AGRA has responded to the lack of access to credit for farmers and smaller agribusinesses in sub-Saharan Africa by working with financial institutions and investors to make low-interest loans available to key operators along the agricultural value chain—agro-dealers, fertiliser wholesalers, and seed companies – and to make financing available for warehouse receipt systems, farmer groups and agro-processing facilities.

AGRA’s work to increase farm productivity and incomes complements IFC’s support for private sector development through mobilising private capital and providing advisory and risk mitigation services to businesses and governments.

AGRA and IFC will work together on the following ventures:

  • Providing credit guarantees to Africa-based financial institutions in order to leverage significant private sector financing for agriculture.
  • Expanding AGRAs Agro-dealer Development Programme to recruit and train significantly more agro-dealers. 
  • Providing financing to the African Seed Investment Fund (ASIF), which provides reimbursable loans to small to medium African seed companies. AGRA has already made a $12 million investment in the ASIF. 
  • Developing and funding a financing mechanism for fertiliser wholesale companies. 
  • Exploring the feasibility of establishing the West African Agribusiness Investment Fund (WAAIF) to provide long-term commercial risk capital to small and medium agribusinesses. 
  • Supporting, with financial assistance if viable, the African Fertiliser Procurement Facility.
  • Developing, funding and implementing an advisory services programme to provide technical advice and support to farmers or businesses that will benefit from this initiative. 

IFC, a member of the World Bank Group, creates opportunity for people to escape poverty and improve their lives. We foster sustainable economic growth in developing countries by supporting private sector development, mobilizing private capital, and providing advisory and risk mitigation services to businesses and governments. Our new investments totaled $16.2 billion in fiscal 2008, a 34 percent increase over the previous year. For more information, visit www.ifc.org.

AGRA is a dynamic partnership working across the African continent to help millions of small-scale farmers and their families lift themselves out of poverty and hunger. AGRA programmes develop practical solutions to significantly boost farm productivity and incomes for the poor while safeguarding the environment. AGRA advocates for policies that support its work across all key aspects of the African agricultural value chain ­from seeds, soil health and water to markets and agricultural education.

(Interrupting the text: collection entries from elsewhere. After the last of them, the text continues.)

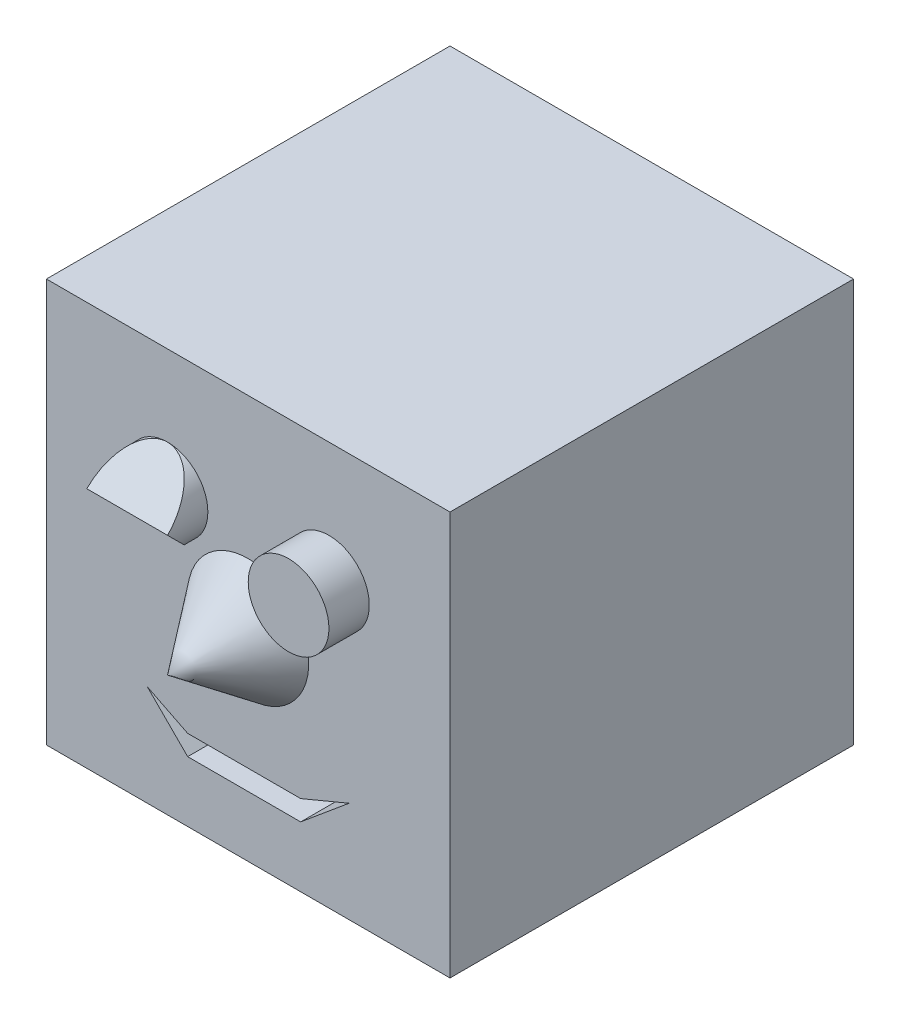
ISO-10303-21;
HEADER;
FILE_DESCRIPTION(('STEP AP214'),'2;1');
FILE_NAME('part.step','',(''),(''),'','','');
FILE_SCHEMA(('AUTOMOTIVE_DESIGN { 1 0 10303 214 1 1 1 1 }'));
ENDSEC;
DATA;
#1=APPLICATION_CONTEXT('core data for automotive mechanical design processes');
#2=APPLICATION_PROTOCOL_DEFINITION('international standard','automotive_design',2000,#1);
#3=PRODUCT_CONTEXT('',#1,'mechanical');
#4=PRODUCT('Part','Part','',(#3));
#5=PRODUCT_RELATED_PRODUCT_CATEGORY('part','',(#4));
#6=PRODUCT_DEFINITION_FORMATION('','',#4);
#7=PRODUCT_DEFINITION_CONTEXT('part definition',#1,'design');
#8=PRODUCT_DEFINITION('design','',#6,#7);
#9=PRODUCT_DEFINITION_SHAPE('','',#8);
#10=(LENGTH_UNIT() NAMED_UNIT(*) SI_UNIT(.MILLI.,.METRE.));
#11=(NAMED_UNIT(*) PLANE_ANGLE_UNIT() SI_UNIT($,.RADIAN.));
#12=(NAMED_UNIT(*) SI_UNIT($,.STERADIAN.) SOLID_ANGLE_UNIT());
#13=UNCERTAINTY_MEASURE_WITH_UNIT(LENGTH_MEASURE(1.E-05),#10,'distance_accuracy_value','');
#14=(GEOMETRIC_REPRESENTATION_CONTEXT(3) GLOBAL_UNCERTAINTY_ASSIGNED_CONTEXT((#13)) GLOBAL_UNIT_ASSIGNED_CONTEXT((#10,
#11,#12)) REPRESENTATION_CONTEXT('',''));
#15=CARTESIAN_POINT('',(0.,0.,0.));
#16=DIRECTION('',(0.,0.,1.));
#17=DIRECTION('',(1.,0.,0.));
#18=AXIS2_PLACEMENT_3D('',#15,#16,#17);
#19=CARTESIAN_POINT('',(0.,25.,0.));
#20=DIRECTION('',(0.,0.,-1.));
#21=DIRECTION('',(-1.,0.,0.));
#22=AXIS2_PLACEMENT_3D('',#19,#20,#21);
#23=PLANE('',#22);
#24=CARTESIAN_POINT('',(12.5,12.5,0.));
#25=DIRECTION('',(0.,0.,-1.));
#26=DIRECTION('',(-1.,0.,0.));
#27=AXIS2_PLACEMENT_3D('',#24,#25,#26);
#28=CIRCLE('',#27,3.75);
#29=CARTESIAN_POINT('',(8.75,12.5,0.));
#30=VERTEX_POINT('',#29);
#31=EDGE_CURVE('E129',#30,#30,#28,.T.);
#32=ORIENTED_EDGE('',*,*,#31,.T.);
#33=EDGE_LOOP('',(#32));
#34=FACE_BOUND('',#33,.T.);
#35=DIRECTION('',(1.,0.,0.));
#36=VECTOR('',#35,1.);
#37=CARTESIAN_POINT('',(15.75,3.75,0.));
#38=LINE('',#37,#36);
#39=CARTESIAN_POINT('',(8.75,3.75,0.));
#40=VERTEX_POINT('',#39);
#41=CARTESIAN_POINT('',(15.75,3.75,0.));
#42=VERTEX_POINT('',#41);
#43=EDGE_CURVE('E132',#40,#42,#38,.T.);
#44=ORIENTED_EDGE('',*,*,#43,.F.);
#45=DIRECTION('',(0.707106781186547,-0.707106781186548,0.));
#46=VECTOR('',#45,1.);
#47=CARTESIAN_POINT('',(8.75,3.75,0.));
#48=LINE('',#47,#46);
#49=CARTESIAN_POINT('',(6.25,6.25,0.));
#50=VERTEX_POINT('',#49);
#51=EDGE_CURVE('E46',#50,#40,#48,.T.);
#52=ORIENTED_EDGE('',*,*,#51,.F.);
#53=DIRECTION('',(-0.894427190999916,0.447213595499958,0.));
#54=VECTOR('',#53,1.);
#55=CARTESIAN_POINT('',(6.25,6.25,0.));
#56=LINE('',#55,#54);
#57=CARTESIAN_POINT('',(8.75,5.,0.));
#58=VERTEX_POINT('',#57);
#59=EDGE_CURVE('E146',#58,#50,#56,.T.);
#60=ORIENTED_EDGE('',*,*,#59,.F.);
#61=DIRECTION('',(-1.,0.,0.));
#62=VECTOR('',#61,1.);
#63=CARTESIAN_POINT('',(8.75,5.,0.));
#64=LINE('',#63,#62);
#65=CARTESIAN_POINT('',(15.75,5.,0.));
#66=VERTEX_POINT('',#65);
#67=EDGE_CURVE('E143',#66,#58,#64,.T.);
#68=ORIENTED_EDGE('',*,*,#67,.F.);
#69=DIRECTION('',(-0.923076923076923,-0.384615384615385,0.));
#70=VECTOR('',#69,1.);
#71=CARTESIAN_POINT('',(15.75,5.,0.));
#72=LINE('',#71,#70);
#73=CARTESIAN_POINT('',(18.75,6.25,0.));
#74=VERTEX_POINT('',#73);
#75=EDGE_CURVE('E140',#74,#66,#72,.T.);
#76=ORIENTED_EDGE('',*,*,#75,.F.);
#77=DIRECTION('',(0.768221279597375,0.64018439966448,0.));
#78=VECTOR('',#77,1.);
#79=CARTESIAN_POINT('',(18.75,6.25,0.));
#80=LINE('',#79,#78);
#81=EDGE_CURVE('E137',#42,#74,#80,.T.);
#82=ORIENTED_EDGE('',*,*,#81,.F.);
#83=EDGE_LOOP('',(#44,#52,#60,#68,#76,#82));
#84=FACE_BOUND('',#83,.T.);
#85=DIRECTION('',(0.,-1.,0.));
#86=VECTOR('',#85,1.);
#87=CARTESIAN_POINT('',(0.,0.,0.));
#88=LINE('',#87,#86);
#89=CARTESIAN_POINT('',(0.,25.,0.));
#90=VERTEX_POINT('',#89);
#91=CARTESIAN_POINT('',(0.,0.,0.));
#92=VERTEX_POINT('',#91);
#93=EDGE_CURVE('E184',#90,#92,#88,.T.);
#94=ORIENTED_EDGE('',*,*,#93,.T.);
#95=DIRECTION('',(1.,0.,0.));
#96=VECTOR('',#95,1.);
#97=CARTESIAN_POINT('',(0.,0.,0.));
#98=LINE('',#97,#96);
#99=CARTESIAN_POINT('',(25.,0.,0.));
#100=VERTEX_POINT('',#99);
#101=EDGE_CURVE('E186',#92,#100,#98,.T.);
#102=ORIENTED_EDGE('',*,*,#101,.T.);
#103=DIRECTION('',(0.,1.,0.));
#104=VECTOR('',#103,1.);
#105=CARTESIAN_POINT('',(25.,0.,0.));
#106=LINE('',#105,#104);
#107=CARTESIAN_POINT('',(25.,25.,0.));
#108=VERTEX_POINT('',#107);
#109=EDGE_CURVE('E189',#100,#108,#106,.T.);
#110=ORIENTED_EDGE('',*,*,#109,.T.);
#111=DIRECTION('',(-1.,0.,0.));
#112=VECTOR('',#111,1.);
#113=CARTESIAN_POINT('',(0.,25.,0.));
#114=LINE('',#113,#112);
#115=EDGE_CURVE('E191',#108,#90,#114,.T.);
#116=ORIENTED_EDGE('',*,*,#115,.T.);
#117=EDGE_LOOP('',(#94,#102,#110,#116));
#118=FACE_BOUND('',#117,.T.);
#119=CARTESIAN_POINT('',(7.5,17.5,0.));
#120=DIRECTION('',(0.,0.,-1.));
#121=DIRECTION('',(-1.,0.,0.));
#122=AXIS2_PLACEMENT_3D('',#119,#120,#121);
#123=CIRCLE('',#122,2.5);
#124=CARTESIAN_POINT('',(7.5,20.,0.));
#125=VERTEX_POINT('',#124);
#126=CARTESIAN_POINT('',(7.5,15.,0.));
#127=VERTEX_POINT('',#126);
#128=EDGE_CURVE('E209',#125,#127,#123,.F.);
#129=ORIENTED_EDGE('',*,*,#128,.F.);
#130=EDGE_CURVE('E217',#127,#125,#123,.F.);
#131=ORIENTED_EDGE('',*,*,#130,.F.);
#132=EDGE_LOOP('',(#129,#131));
#133=FACE_BOUND('',#132,.T.);
#134=CARTESIAN_POINT('',(17.5,17.5,0.));
#135=DIRECTION('',(0.,0.,-1.));
#136=DIRECTION('',(-1.,0.,0.));
#137=AXIS2_PLACEMENT_3D('',#134,#135,#136);
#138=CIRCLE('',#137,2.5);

AGRA's Board of Directors is chaired by Kofi A Annan, former Secretary-General of the United Nations. Dr Namanga Ngongi, former Deputy Executive Director of the World Food Programme, is AGRA's president. With support from The Rockefeller Foundation, the Bill & Melinda Gates Foundation, the UK's Department for International Development and other donors, AGRA works across sub-Saharan Africa and maintains offices in Nairobi, Kenya, and Accra, Ghana.